Recommendation: Please expand the discussion on the clinical application and generalizability of the findings. In particular, consider addressing how the results might translate to cytokine measurements obtained via methods other than Luminex
Tables
No comments
Author Response
Thank you very much for taking the time to review this manuscript. Please refer to the attached file for a detailed responses.
Author Response File: Author Response.pdf
Reviewer 2 Report
Comments and Suggestions for AuthorsDear Authors,
I appreciate the opportunity to review your manuscript addressing the critical issue of identifying biomarkers in papillary thyroid carcinoma (PTC). Your exploration of cytokine profiling using xMAP technology to analyze 46 cytokines provides valuable insights and opens avenues for applying such methodologies in this field.
Introduction:
Your introduction offers a comprehensive overview of cytokine profiling in PTC and the application of machine learning algorithms in medical diagnostics. However, it could benefit from a more detailed discussion of prior cytokine studies in thyroid cancer to better contextualize the study's objectives. I recommend enhancing the introduction by reviewing existing literature on cytokine studies in thyroid cancer and highlighting the gaps that this study aims to address.
Methods:
The methods section is detailed, covering sample processing, cytokine analysis, and AI model implementation. However, it lacks specifics on hyperparameter tuning, feature selection, and the handling of missing data. Major concerns in this section include:
The manuscript does not specify critical machine learning parameters and steps.

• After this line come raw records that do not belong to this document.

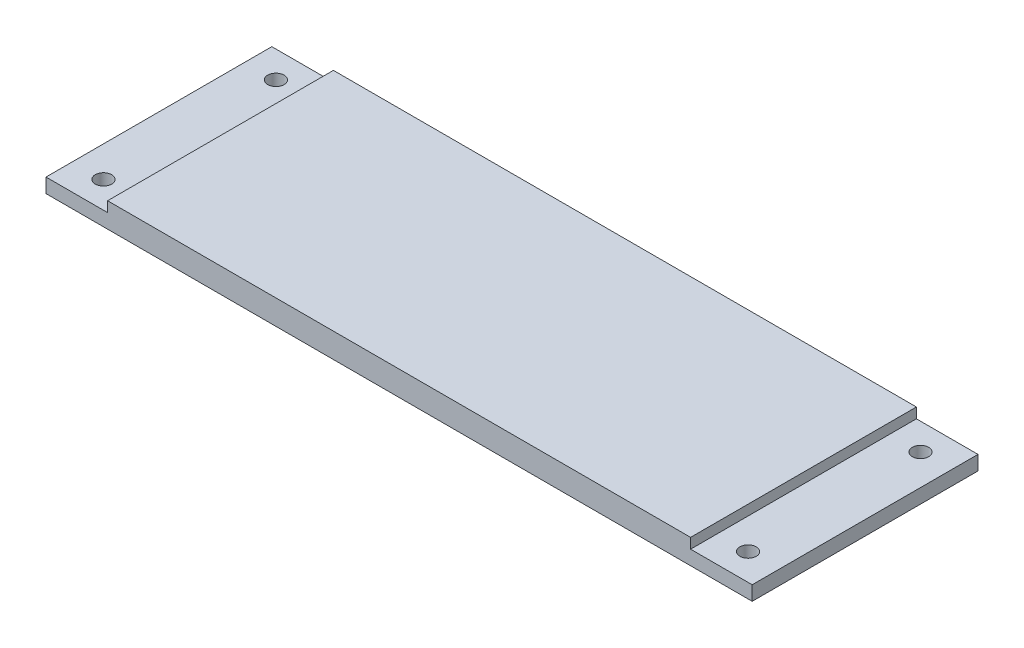
from build123d import *

# Parameters (mm, degrees)
ESQUISSE1_W             = 172
ESQUISSE1_H             = 55
BOSS_EXTRU_1_DEPTH      = 3.5
ESQUISSE2_R             = 2
ENL_V_MAT_EXTRU_1_DEPTH = 6
ESQUISSE3_W             = 142
ESQUISSE3_H             = 55
BOSS_EXTRU_2_DEPTH      = 2.5


with BuildPart() as part:
    # Esquisse1 → Boss.-Extru.1 (new body)
    with BuildSketch(Plane(origin=(0, 0, 0), x_dir=(1, 0, 0), z_dir=(0, 1, 0))):
        Rectangle(ESQUISSE1_W, ESQUISSE1_H)
    extrude(amount=BOSS_EXTRU_1_DEPTH)

    # Esquisse2 → Enlèv. mat.-Extru.1 (cut)
    with BuildSketch(Plane(origin=(0, 3.5, 0), x_dir=(1, 0, 0), z_dir=(0, 1, 0))):
        with Locations(Location((-78.5, 21, 0), (0, 0, 270))):
            Circle(ESQUISSE2_R)
        with Locations(Location((-78.5, -21, 0), (0, 0, 270))):
            Circle(ESQUISSE2_R)
        with Locations(Location((78.5, -21, 0), (0, 0, 270))):
            Circle(ESQUISSE2_R)
        with Locations(Location((78.5, 21, 0), (0, 0, 270))):
            Circle(ESQUISSE2_R)
    extrude(amount=-ENL_V_MAT_EXTRU_1_DEPTH, mode=Mode.SUBTRACT)

    # Esquisse3 → Boss.-Extru.2 (add)
    with BuildSketch(Plane(origin=(0, 3.5, 0), x_dir=(1, 0, 0), z_dir=(0, 1, 0))):
        Rectangle(ESQUISSE3_W, ESQUISSE3_H)
    extrude(amount=BOSS_EXTRU_2_DEPTH)


solid = part.part
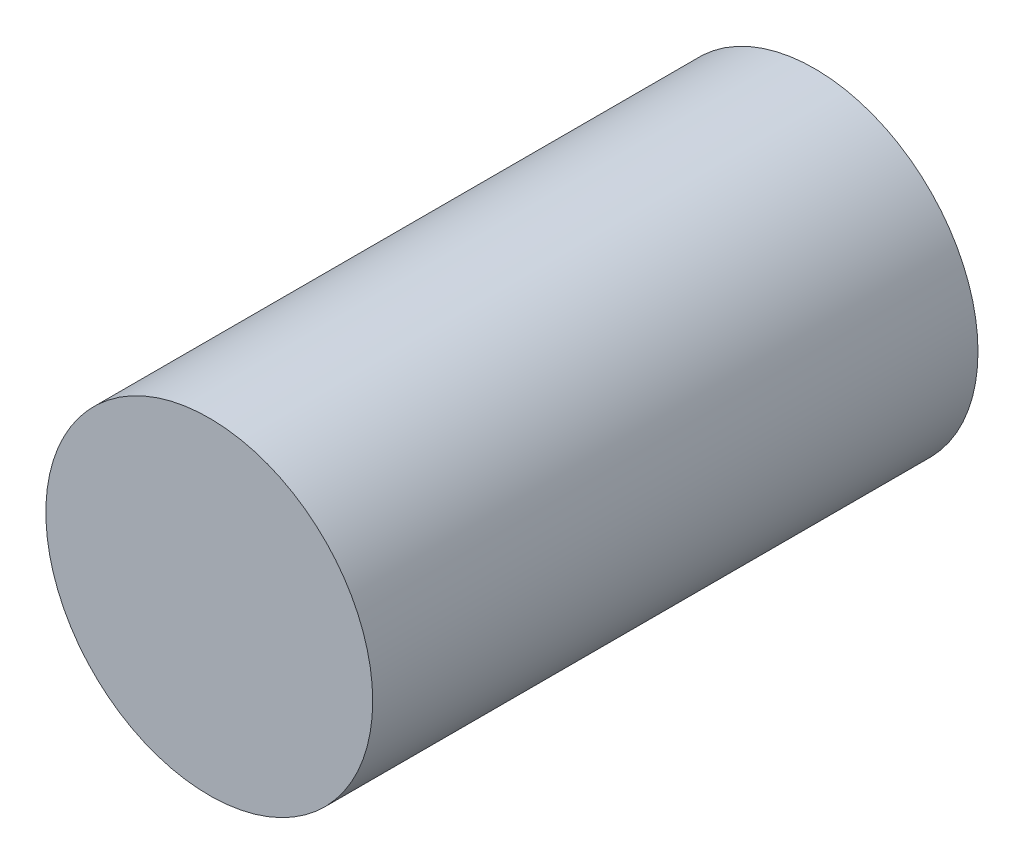
from build123d import *

# Parameters (mm, degrees)
SKETCH1_R           = 13.5
BOSS_EXTRUDE1_DEPTH = 50


with BuildPart() as part:
    # Sketch1 → Boss-Extrude1 (new body)
    with BuildSketch(Plane.XY):
        Circle(SKETCH1_R)
    extrude(amount=BOSS_EXTRUDE1_DEPTH)


solid = part.part

It is unclear how hyperparameters for the models were selected beyond grid search.
The dataset was split into four outer folds for validation—why four and not a standard 5 or 10-fold cross-validation?
While nested cross-validation is used, there is no mention of feature selection or dimensionality reduction.
Please provide:
Details on how hyperparameters were optimized (e.g., learning rate, depth, regularization in XGBoost).
An explanation for choosing a four-fold split instead of other standard splits.
Information on whether feature selection or dimensionality reduction was performed.
Age-Related Differences:
To strengthen your findings, please consider analyzing age differences between patient and control groups, as age can influence cytokine levels and the tumor microenvironment in PTC. Studies have shown that older PTC patients often exhibit higher tumor mutational burden and alterations in immune cell composition, such as decreased cytotoxic CD8+ T cells and increased resting dendritic cells, contributing to a tumor-permissive environment. Additionally, age is a well-established prognostic factor in PTC, with patients over 65 years experiencing more aggressive disease and poorer survival rates. Addressing potential age-related differences would enhance the robustness of your conclusions.
Discussion:
Expand the discussion to elaborate on the clinical relevance of the identified cytokines and the potential integration of this approach into current diagnostic workflows.
Author Response
Thank you very much for taking the time to review this manuscript. Please refer to the attached file for a detailed responses.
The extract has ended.